Work order: Using the data below, copy every line that contains the word "SUBTRACT".

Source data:
^^^^^^^^

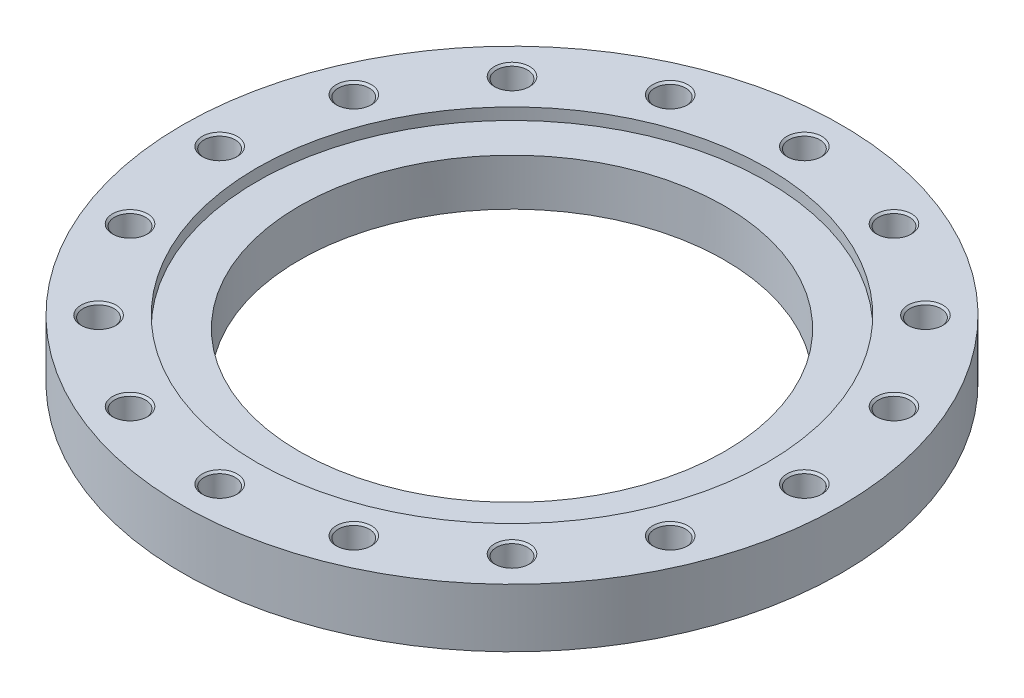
ISO-10303-21;
HEADER;
FILE_DESCRIPTION(('STEP AP214'),'2;1');
FILE_NAME('part.step','',(''),(''),'','','');
FILE_SCHEMA(('AUTOMOTIVE_DESIGN { 1 0 10303 214 1 1 1 1 }'));
ENDSEC;
DATA;
#1=APPLICATION_CONTEXT('core data for automotive mechanical design processes');
#2=APPLICATION_PROTOCOL_DEFINITION('international standard','automotive_design',2000,#1);
#3=PRODUCT_CONTEXT('',#1,'mechanical');
#4=PRODUCT('Part','Part','',(#3));
#5=PRODUCT_RELATED_PRODUCT_CATEGORY('part','',(#4));
#6=PRODUCT_DEFINITION_FORMATION('','',#4);
#7=PRODUCT_DEFINITION_CONTEXT('part definition',#1,'design');
#8=PRODUCT_DEFINITION('design','',#6,#7);
#9=PRODUCT_DEFINITION_SHAPE('','',#8);
#10=(LENGTH_UNIT() NAMED_UNIT(*) SI_UNIT(.MILLI.,.METRE.));
#11=(NAMED_UNIT(*) PLANE_ANGLE_UNIT() SI_UNIT($,.RADIAN.));
#12=(NAMED_UNIT(*) SI_UNIT($,.STERADIAN.) SOLID_ANGLE_UNIT());
#13=UNCERTAINTY_MEASURE_WITH_UNIT(LENGTH_MEASURE(1.E-05),#10,'distance_accuracy_value','');
#14=(GEOMETRIC_REPRESENTATION_CONTEXT(3) GLOBAL_UNCERTAINTY_ASSIGNED_CONTEXT((#13)) GLOBAL_UNIT_ASSIGNED_CONTEXT((#10,
#11,#12)) REPRESENTATION_CONTEXT('',''));
#15=CARTESIAN_POINT('',(0.,0.,0.));
#16=DIRECTION('',(0.,0.,1.));
#17=DIRECTION('',(1.,0.,0.));
#18=AXIS2_PLACEMENT_3D('',#15,#16,#17);
#19=CARTESIAN_POINT('',(0.,27.5,0.));
#20=DIRECTION('',(0.,-1.,0.));
#21=DIRECTION('',(1.,0.,0.));
#22=AXIS2_PLACEMENT_3D('',#19,#20,#21);
#23=CYLINDRICAL_SURFACE('',#22,310.);
#24=CARTESIAN_POINT('',(0.,0.,0.));
#25=DIRECTION('',(0.,1.,0.));
#26=DIRECTION('',(1.,0.,0.));
#27=AXIS2_PLACEMENT_3D('',#24,#25,#26);
#28=CIRCLE('',#27,310.);
#29=CARTESIAN_POINT('',(310.,0.,0.));
#30=VERTEX_POINT('',#29);
#31=EDGE_CURVE('E9',#30,#30,#28,.T.);
#32=ORIENTED_EDGE('',*,*,#31,.T.);
#33=EDGE_LOOP('',(#32));
#34=FACE_BOUND('',#33,.T.);
#35=CARTESIAN_POINT('',(0.,55.,0.));
#36=DIRECTION('',(0.,1.,0.));
#37=DIRECTION('',(1.,0.,0.));
#38=AXIS2_PLACEMENT_3D('',#35,#36,#37);
#39=CIRCLE('',#38,310.);
#40=CARTESIAN_POINT('',(310.,55.,0.));
#41=VERTEX_POINT('',#40);
#42=EDGE_CURVE('E65',#41,#41,#39,.T.);
#43=ORIENTED_EDGE('',*,*,#42,.F.);
#44=EDGE_LOOP('',(#43));
#45=FACE_BOUND('',#44,.T.);
#46=ADVANCED_FACE('F15',(#34,#45),#23,.T.);
#47=CARTESIAN_POINT('',(255.,0.,0.));
#48=DIRECTION('',(0.,-1.,0.));
#49=DIRECTION('',(-1.,0.,0.));
#50=AXIS2_PLACEMENT_3D('',#47,#48,#49);
#51=PLANE('',#50);
#52=CARTESIAN_POINT('',(0.,0.,0.));
#53=DIRECTION('',(0.,1.,0.));
#54=DIRECTION('',(1.,0.,0.));
#55=AXIS2_PLACEMENT_3D('',#52,#53,#54);
#56=CIRCLE('',#55,200.);
#57=CARTESIAN_POINT('',(200.,0.,0.));
#58=VERTEX_POINT('',#57);
#59=EDGE_CURVE('E23',#58,#58,#56,.T.);
#60=ORIENTED_EDGE('',*,*,#59,.T.);
#61=EDGE_LOOP('',(#60));
#62=FACE_BOUND('',#61,.T.);
#63=ORIENTED_EDGE('',*,*,#31,.F.);
#64=EDGE_LOOP('',(#63));
#65=FACE_BOUND('',#64,.T.);
#66=ADVANCED_FACE('F616',(#62,#65),#51,.T.);
#67=CARTESIAN_POINT('',(0.,27.5,0.));
#68=DIRECTION('',(0.,-1.,0.));
#69=DIRECTION('',(1.,0.,0.));
#70=AXIS2_PLACEMENT_3D('',#67,#68,#69);
#71=CYLINDRICAL_SURFACE('',#70,200.);
#72=ORIENTED_EDGE('',*,*,#59,.F.);
#73=EDGE_LOOP('',(#72));
#74=FACE_BOUND('',#73,.T.);
#75=CARTESIAN_POINT('',(0.,44.,0.));
#76=DIRECTION('',(0.,1.,0.));
#77=DIRECTION('',(1.,0.,0.));
#78=AXIS2_PLACEMENT_3D('',#75,#76,#77);
#79=CIRCLE('',#78,200.);
#80=CARTESIAN_POINT('',(-200.,44.,0.));
#81=VERTEX_POINT('',#80);
#82=EDGE_CURVE('E69',#81,#81,#79,.T.);
#83=ORIENTED_EDGE('',*,*,#82,.T.);
#84=EDGE_LOOP('',(#83));
#85=FACE_BOUND('',#84,.T.);
#86=ADVANCED_FACE('F620',(#74,#85),#71,.F.);
#87=CARTESIAN_POINT('',(255.,55.,0.));
#88=DIRECTION('',(0.,1.,0.));
#89=DIRECTION('',(1.,0.,0.));
#90=AXIS2_PLACEMENT_3D('',#87,#88,#89);
#91=PLANE('',#90);
#92=ORIENTED_EDGE('',*,*,#42,.T.);
#93=EDGE_LOOP('',(#92));
#94=FACE_BOUND('',#93,.T.);
#95=CARTESIAN_POINT('',(0.,55.,0.));
#96=DIRECTION('',(0.,-1.,0.));
#97=DIRECTION('',(1.,0.,0.));
#98=AXIS2_PLACEMENT_3D('',#95,#96,#97);
#99=CIRCLE('',#98,240.);
#100=CARTESIAN_POINT('',(-240.,55.,0.));
#101=VERTEX_POINT('',#100);
#102=EDGE_CURVE('E244',#101,#101,#99,.T.);
#103=ORIENTED_EDGE('',*,*,#102,.T.);
#104=EDGE_LOOP('',(#103));
#105=FACE_BOUND('',#104,.T.);
#106=CARTESIAN_POINT('',(275.,55.,0.));
#107=DIRECTION('',(0.,-1.,0.));
#108=DIRECTION('',(1.,0.,0.));
#109=AXIS2_PLACEMENT_3D('',#106,#107,#108);
#110=CIRCLE('',#109,16.5);
#111=CARTESIAN_POINT('',(291.5,55.,0.));
#112=VERTEX_POINT('',#111);
#113=EDGE_CURVE('E96',#112,#112,#110,.T.);
#114=ORIENTED_EDGE('',*,*,#113,.T.);
#115=EDGE_LOOP('',(#114));
#116=FACE_BOUND('',#115,.T.);
#117=CARTESIAN_POINT('',(254.066871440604,55.,-105.2379439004));
#118=DIRECTION('',(0.,-1.,0.));
#119=DIRECTION('',(0.923879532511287,0.,-0.38268343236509));
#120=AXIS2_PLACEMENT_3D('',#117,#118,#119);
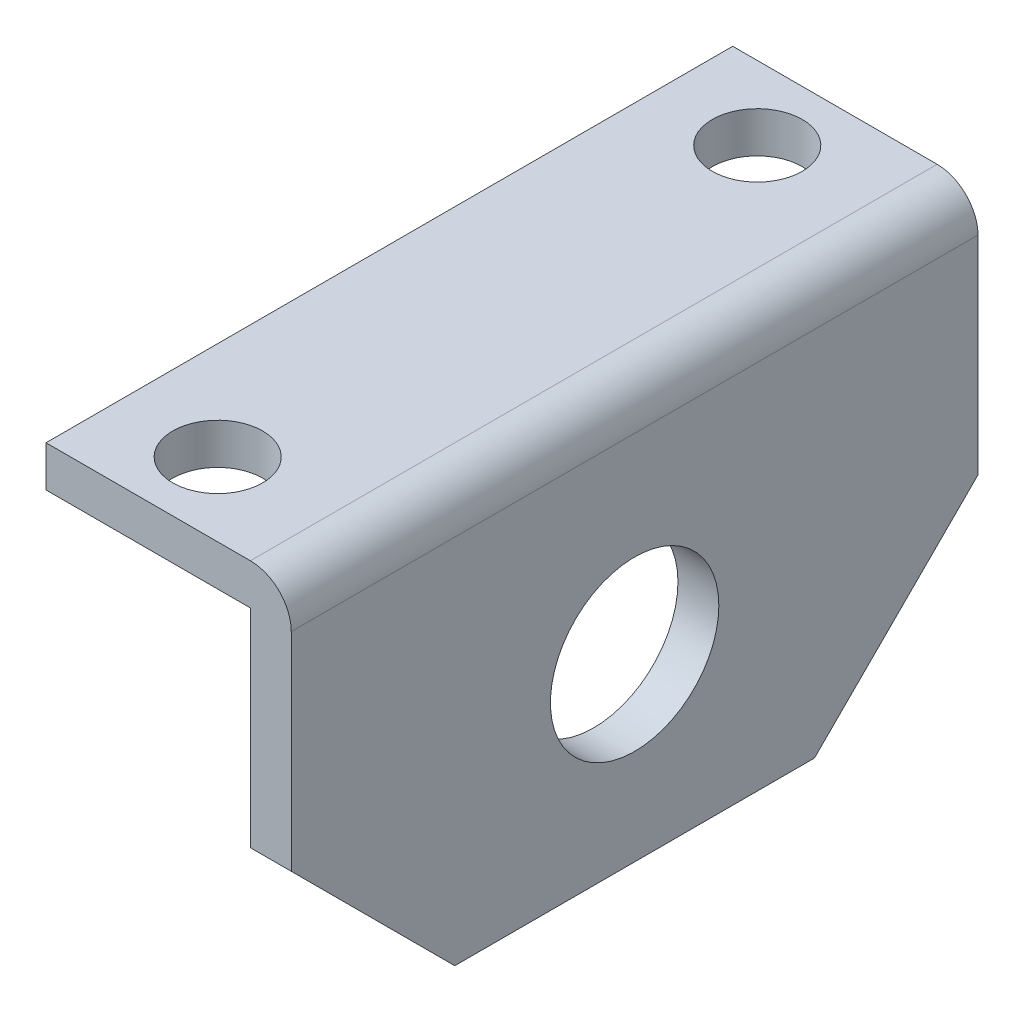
from build123d import *

# Parameters (mm, degrees)
EXTRUDE_1_DEPTH     = 42
SKETCH_2_R          = 2.75
CUT_EXTRUDE_1_DEPTH = 42
SKETCH_3_R          = 5.15
CUT_EXTRUDE_2_DEPTH = 42
CHAMFER_1_SIZE      = 10


with BuildPart() as part:
    # Sketch 1 → Extrude 1 (new body)
    with BuildSketch(Plane.XY):
        with BuildLine():
            Line((0, 0), (0, -2.5))
            Line((0, -2.5), (12.5, -2.5))
            Line((12.5, -2.5), (12.5, -25.2))
            Line((12.5, -25.2), (15, -25.2))
            Line((15, -25.2), (15, -2.5))
            ThreePointArc((15, -2.5), (14.267766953, -0.732233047), (12.5, 0))
            Line((12.5, 0), (0, 0))
        make_face()
    extrude(amount=EXTRUDE_1_DEPTH)

    # Sketch 2 → Cut-Extrude 1 (cut)
    with BuildSketch(Plane.XZ.offset(2.5)):
        with Locations(Location((6, 37.5, 0), (0, 0, 270))):
            Circle(SKETCH_2_R)
        with Locations(Location((6, 4.5, 0), (0, 0, 270))):
            Circle(SKETCH_2_R)
    extrude(amount=-CUT_EXTRUDE_1_DEPTH, mode=Mode.SUBTRACT)

    # Sketch 3 → Cut-Extrude 2 (cut)
    with BuildSketch(Plane(origin=(15, 0, 0), x_dir=(0, 0, -1), z_dir=(1, 0, 0))):
        with Locations((-21, -14.2)):
            Circle(SKETCH_3_R)
    extrude(amount=-CUT_EXTRUDE_2_DEPTH, mode=Mode.SUBTRACT)

    # Chamfer 1
    chamfer_1_edges = [part.edges().sort_by_distance(p)[0] for p in [
        (13.75, -25.2, 42),
        (13.75, -25.2, 0),
    ]]
    chamfer(chamfer_1_edges, length=CHAMFER_1_SIZE)


solid = part.part

^^^^^^^^

Response:
    extrude(amount=-CUT_EXTRUDE_1_DEPTH, mode=Mode.SUBTRACT)
    extrude(amount=-CUT_EXTRUDE_2_DEPTH, mode=Mode.SUBTRACT)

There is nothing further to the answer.